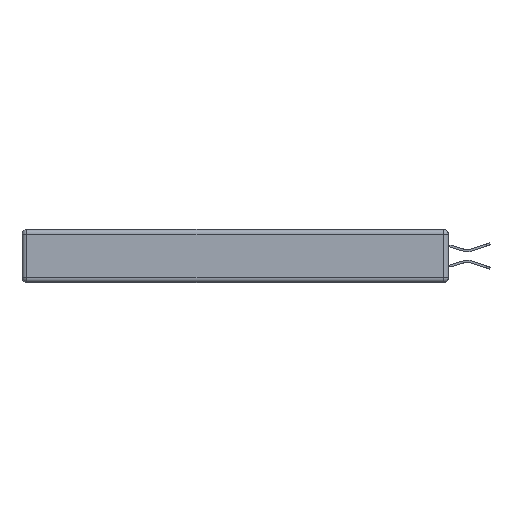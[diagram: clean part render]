
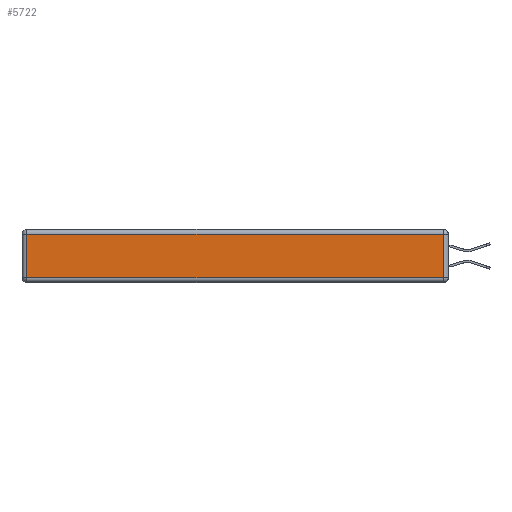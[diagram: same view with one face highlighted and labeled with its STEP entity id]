
A CAD part, left-side view. The second image highlights one B-rep face of the part: STEP entity #5722.
In plain terms, the highlighted planar face has unit normal (-1, 0, 0).
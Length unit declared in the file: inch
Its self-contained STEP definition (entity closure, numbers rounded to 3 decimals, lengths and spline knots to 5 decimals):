
#2118 = VERTEX_POINT ( 'NONE', #5725 ) ;
#2167 = LINE ( 'NONE', #7404, #2408 ) ;
#2408 = VECTOR ( 'NONE', #3113, 39.37008 ) ;
#2809 = CARTESIAN_POINT ( 'NONE',  ( 0., 2.75, -0.03 ) ) ;
#2859 = AXIS2_PLACEMENT_3D ( 'NONE', #8686, #7342, #16157 ) ;
#2907 = CARTESIAN_POINT ( 'NONE',  ( 0., 0.03, -0.313 ) ) ;
#3113 = DIRECTION ( 'NONE',  ( 0., -1., 0. ) ) ;
#3516 = FACE_OUTER_BOUND ( 'NONE', #9242, .T. ) ;
#5722 = ADVANCED_FACE ( 'NONE', ( #3516 ), #13136, .T. ) ;
#5725 = CARTESIAN_POINT ( 'NONE',  ( 0., 2.72, -0.313 ) ) ;
#5733 = VERTEX_POINT ( 'NONE', #2907 ) ;
#6332 = ORIENTED_EDGE ( 'NONE', *, *, #18459, .T. ) ;
#6707 = CARTESIAN_POINT ( 'NONE',  ( 0., 2.72, -0.03 ) ) ;
#7342 = DIRECTION ( 'NONE',  ( -1., 0., 0. ) ) ;
#7404 = CARTESIAN_POINT ( 'NONE',  ( 0., 0., -0.313 ) ) ;
#8292 = CARTESIAN_POINT ( 'NONE',  ( 0., 2.72, -0.343 ) ) ;
#8435 = LINE ( 'NONE', #17951, #16022 ) ;
#8686 = CARTESIAN_POINT ( 'NONE',  ( 0., 0., -0.343 ) ) ;
#9009 = CARTESIAN_POINT ( 'NONE',  ( 0., 0.03, -0.03 ) ) ;
#9236 = EDGE_CURVE ( 'NONE', #17270, #2118, #13866, .T. ) ;
#9242 = EDGE_LOOP ( 'NONE', ( #6332, #12314, #18530, #9846 ) ) ;
#9787 = DIRECTION ( 'NONE',  ( 0., 0., -1. ) ) ;
#9846 = ORIENTED_EDGE ( 'NONE', *, *, #9236, .T. ) ;
#10043 = VECTOR ( 'NONE', #10148, 39.37008 ) ;
#10148 = DIRECTION ( 'NONE',  ( 0., 1., 0. ) ) ;
#12314 = ORIENTED_EDGE ( 'NONE', *, *, #17631, .T. ) ;
#13136 = PLANE ( 'NONE',  #2859 ) ;
#13866 = LINE ( 'NONE', #8292, #17767 ) ;
#13964 = LINE ( 'NONE', #2809, #10043 ) ;
#16022 = VECTOR ( 'NONE', #16849, 39.37008 ) ;
#16157 = DIRECTION ( 'NONE',  ( 0., 0., 1. ) ) ;
#16849 = DIRECTION ( 'NONE',  ( 0., 0., 1. ) ) ;
#17270 = VERTEX_POINT ( 'NONE', #6707 ) ;
#17631 = EDGE_CURVE ( 'NONE', #5733, #17639, #8435, .T. ) ;
#17639 = VERTEX_POINT ( 'NONE', #9009 ) ;
#17767 = VECTOR ( 'NONE', #9787, 39.37008 ) ;
#17842 = EDGE_CURVE ( 'NONE', #17639, #17270, #13964, .T. ) ;
#17951 = CARTESIAN_POINT ( 'NONE',  ( 0., 0.03, -0.343 ) ) ;
#18459 = EDGE_CURVE ( 'NONE', #2118, #5733, #2167, .T. ) ;
#18530 = ORIENTED_EDGE ( 'NONE', *, *, #17842, .T. ) ;

========

WORK REQUIRED: For this task, write out exactly the lines of the entries above, starting at the line with "#3516 = FACE_OUTER_BOUND" and ending at the line with "#13136 = PLANE", both included, and no others.

EXERCISE RESPONSE:
#3516 = FACE_OUTER_BOUND ( 'NONE', #9242, .T. ) ;
#5722 = ADVANCED_FACE ( 'NONE', ( #3516 ), #13136, .T. ) ;
#5725 = CARTESIAN_POINT ( 'NONE',  ( 0., 2.72, -0.313 ) ) ;
#5733 = VERTEX_POINT ( 'NONE', #2907 ) ;
#6332 = ORIENTED_EDGE ( 'NONE', *, *, #18459, .T. ) ;
#6707 = CARTESIAN_POINT ( 'NONE',  ( 0., 2.72, -0.03 ) ) ;
#7342 = DIRECTION ( 'NONE',  ( -1., 0., 0. ) ) ;
#7404 = CARTESIAN_POINT ( 'NONE',  ( 0., 0., -0.313 ) ) ;
#8292 = CARTESIAN_POINT ( 'NONE',  ( 0., 2.72, -0.343 ) ) ;
#8435 = LINE ( 'NONE', #17951, #16022 ) ;
#8686 = CARTESIAN_POINT ( 'NONE',  ( 0., 0., -0.343 ) ) ;
#9009 = CARTESIAN_POINT ( 'NONE',  ( 0., 0.03, -0.03 ) ) ;
#9236 = EDGE_CURVE ( 'NONE', #17270, #2118, #13866, .T. ) ;
#9242 = EDGE_LOOP ( 'NONE', ( #6332, #12314, #18530, #9846 ) ) ;
#9787 = DIRECTION ( 'NONE',  ( 0., 0., -1. ) ) ;
#9846 = ORIENTED_EDGE ( 'NONE', *, *, #9236, .T. ) ;
#10043 = VECTOR ( 'NONE', #10148, 39.37008 ) ;
#10148 = DIRECTION ( 'NONE',  ( 0., 1., 0. ) ) ;
#12314 = ORIENTED_EDGE ( 'NONE', *, *, #17631, .T. ) ;
#13136 = PLANE ( 'NONE',  #2859 ) ;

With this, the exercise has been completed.